Thank you so much for sharing your story! I am sorry to read that you had to wait such a long time for your diagnosis. I'm glad you got there in the end and are feeling well now

Actually, my diagnosis has not been as straight forward as it seems. I had a mini-stroke when I was young so it was pressing to rule out any possible risk of vascular malfunction. This was done in Spain's A&E (where I was visiting my family) and later in Scotland, where I live.

After all necessary checks, I went to see my GP who suggested it was... a hernia! I could feel that it wasn't, plus I have a friend in Spain who is a surgeon and told me that just couldn't be (she treats cases of hernia daily). I had to go private to prove to my GP that it wasn't a hernia - all they could find was a bunch of swollen lymph nodes.

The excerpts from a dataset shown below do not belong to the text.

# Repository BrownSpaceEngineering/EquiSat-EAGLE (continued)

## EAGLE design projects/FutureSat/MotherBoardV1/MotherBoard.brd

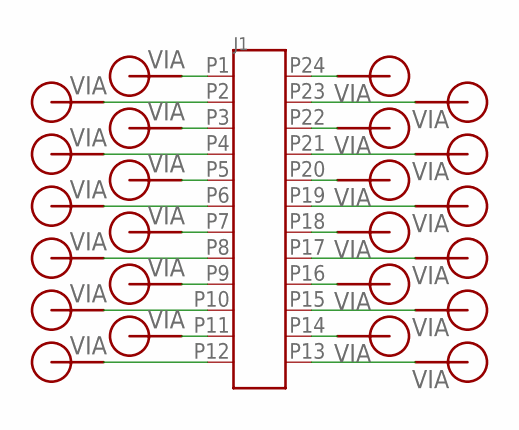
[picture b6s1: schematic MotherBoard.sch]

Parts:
J1: EBM12DRXH
V1, V2, V3, V4, V5, V6, V7, V8, V9, V10, V11, V12, V13, V14, V15, V16, V17, V18, V19, V20, V21, V22, V23, V24: VIA60MIL-SQ; VIA-60MIL-SQ

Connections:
unnamed: J1.P1, V1.P$1
unnamed: J1.P2, V2.P$1
unnamed: J1.P3, V3.P$1
unnamed: J1.P4, V4.P$1
unnamed: J1.P5, V5.P$1
unnamed: J1.P6, V6.P$1
unnamed: J1.P7, V7.P$1
unnamed: J1.P8, V8.P$1
unnamed: J1.P9, V9.P$1
unnamed: J1.P10, V10.P$1
unnamed: J1.P11, V11.P$1
unnamed: J1.P12, V12.P$1
unnamed: J1.P13, V13.P$1
unnamed: J1.P14, V14.P$1
unnamed: J1.P15, V15.P$1
unnamed: J1.P16, V16.P$1
unnamed: J1.P17, V17.P$1
unnamed: J1.P18, V18.P$1
unnamed: J1.P19, V19.P$1
unnamed: J1.P20, V20.P$1
unnamed: J1.P21, V21.P$1
unnamed: J1.P22, V22.P$1
unnamed: J1.P23, V23.P$1
unnamed: J1.P24, V24.P$1

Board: 2 copper layers, 25 parts (0 on the bottom side), 24 nets, no tracks yet.

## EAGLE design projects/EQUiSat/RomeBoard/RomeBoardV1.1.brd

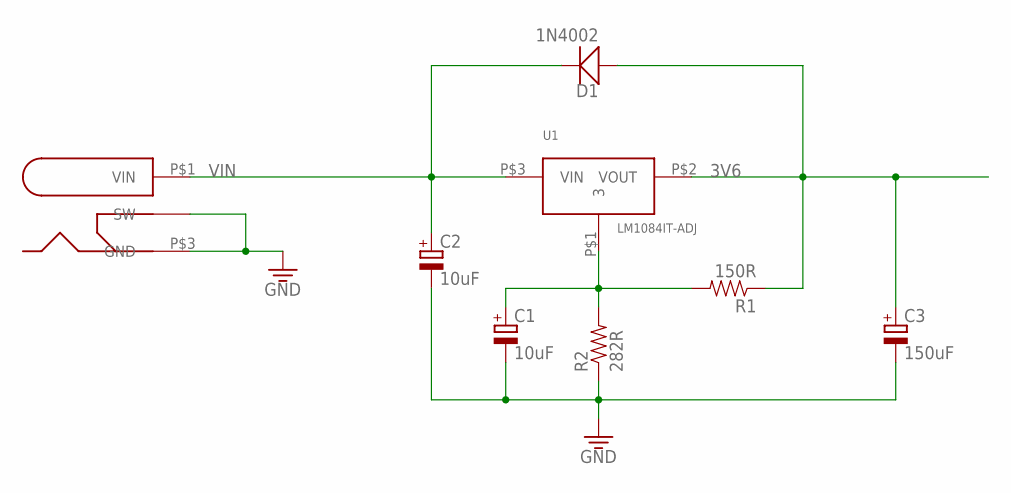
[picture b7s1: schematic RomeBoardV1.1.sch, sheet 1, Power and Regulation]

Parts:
C1, C2: 10uF; E2,5-7
C3: 150uF; E5-13
D1: 1N4002; DO-201AD
R1: 150R; AXIAL-0.4
R2: 282R; AXIAL-0.4
U1: LM1084IT-ADJ; TO-220-507302B00000G
U$2: PJ-002A

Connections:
3V6: C3.+, D1.P$1 (A), R1.1, U1.P$2 (VOUT); also elsewhere on the board
GND: C1.-, C2.-, C3.-, R2.1, U$2.P$2 (SW), U$2.P$3 (GND); also elsewhere on the board
unnamed: C1.+, R1.2, R2.2, U1.P$1 (3)
VIN: C2.+, D1.P$2 (C), U1.P$3 (VIN), U$2.P$1 (VIN); also elsewhere on the board

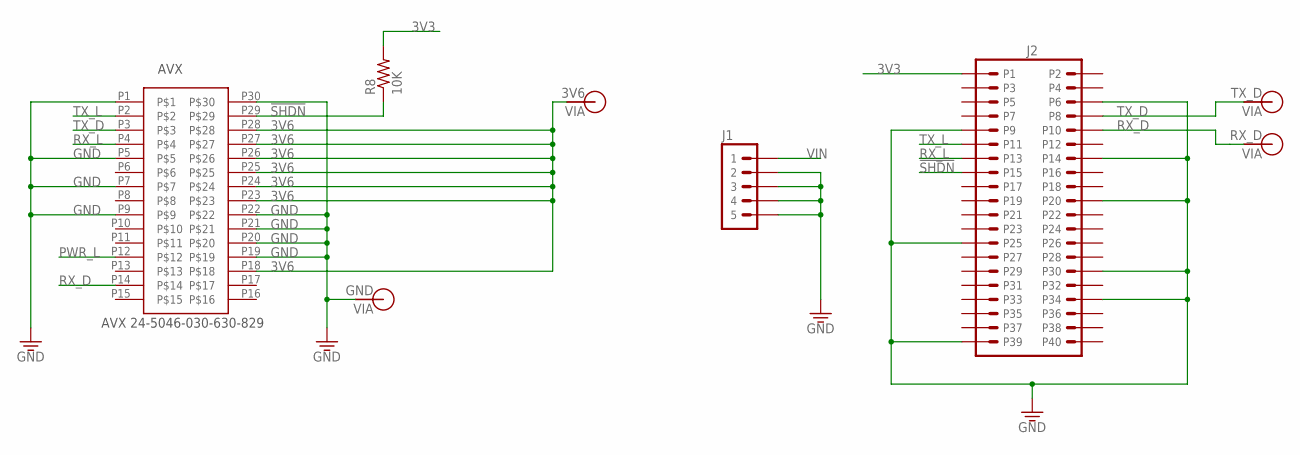
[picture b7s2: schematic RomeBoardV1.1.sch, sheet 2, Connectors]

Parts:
AVX: AVX-24-5046-030-630-829; AVX-24-5046-630-829
J1: HEADER-5; HEADER-05
J2: RASPBERRY-PI-HEADER; HEADER-20X02
R8: 10K; AXIAL-0.4
V1: TX_D; VIA-120MIL
V2: RX_D; VIA-120MIL
V4: GND; VIA-120MIL
V5: 3V6; VIA-120MIL

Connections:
3V3: J2.P1, R8.2
3V6: AVX.P18, AVX.P23, AVX.P24, AVX.P25, AVX.P26, AVX.P27, AVX.P28, V5.P$1; also elsewhere on the board
!SHDN: AVX.P29, J2.P15, R8.1
GND: AVX.P1, AVX.P5, AVX.P7, AVX.P9, AVX.P19, AVX.P20, AVX.P21, AVX.P22, AVX.P30, J1.2, J1.3, J1.4, J1.5, J2.P6, J2.P9, J2.P14, J2.P20, J2.P25, J2.P30, J2.P34, J2.P39, V4.P$1; also elsewhere on the board
PWR_L: AVX.P12; also elsewhere on the board
RX_D: AVX.P14, J2.P10, V2.P$1
RX_L: AVX.P4, J2.P13; also elsewhere on the board
TX_D: AVX.P3, J2.P8, V1.P$1
TX_L: AVX.P2, J2.P11; also elsewhere on the board
VIN: J1.1; also elsewhere on the board

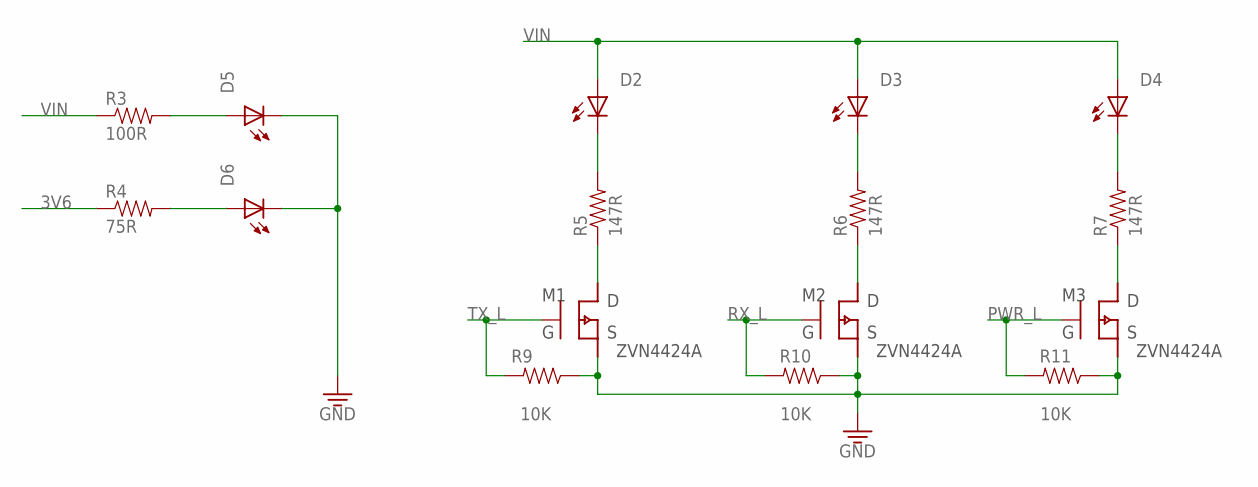
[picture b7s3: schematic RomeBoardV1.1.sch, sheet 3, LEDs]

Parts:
D2, D3, D4, D5, D6: LEDTHRU-HOLE-CONNECTOR; 1X2-POL
M1, M2, M3: ZVN4424A; TO-923-MOS
R3: 100R; AXIAL-0.4
R4: 75R; AXIAL-0.4
R5, R6, R7: 147R; AXIAL-0.4
R9, R10, R11: 10K; AXIAL-0.4

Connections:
3V6: R4.1; also elsewhere on the board
GND: D5.2 (C), D6.2 (C), M1.3 (S), M2.3 (S), M3.3 (S), R9.1, R10.1, R11.1; also elsewhere on the board
unnamed: D5.1 (A), R3.2
unnamed: D6.1 (A), R4.2
unnamed: D3.2 (C), R6.2
unnamed: M1.1 (D), R5.1
unnamed: M2.1 (D), R6.1
unnamed: M3.1 (D), R7.1
unnamed: D4.2 (C), R7.2
unnamed: D2.2 (C), R5.2
PWR_L: M3.2 (G), R11.2; also elsewhere on the board
RX_L: M2.2 (G), R10.2; also elsewhere on the board
TX_L: M1.2 (G), R9.2; also elsewhere on the board
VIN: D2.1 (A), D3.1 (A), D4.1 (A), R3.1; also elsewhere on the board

From then on, all the attention was placed on my lymph nodes, which started to swell all over my body. They checked me for almost everything, all results came fine. Last time I saw my GP I enquired about my leg - he told me to return in 6 months time.

I went to Spain to visit my family and I asked my surgeon friend if she could have a look at my leg. She is a digestive consultant so she took me to see a vascular surgeon. He ultrasounded me from waist down, placing careful attention to any possible blockage, of which he found none. It was him who then suggested primary lymphoedema and referred me for a lymphoscintigraphy next April.

When I came back to Scotland, I had to get back to the GP due to my leg infection. It was a different doctor this time and, when I told her the whole story, she said I was lucky that my friend took me to see the vascular surgeon. She then referred me to the lymphoedema clinic and now I'm waiting for my letter.

So, it has been a very intense six months. I have been misdiagnosed before (I was told I had multiple sclerosis when I had that mini-stroke) so I guess I'm now a bit restless regarding doctors' opinions.

Anyway, what a long post! I feel I needed to get it out of my chest, so sorry about that!

I am quite an active person as well (love walking and running) so it is very encouraging to read that you are able to exercise so much.

Thanks for the tips and the encouragement!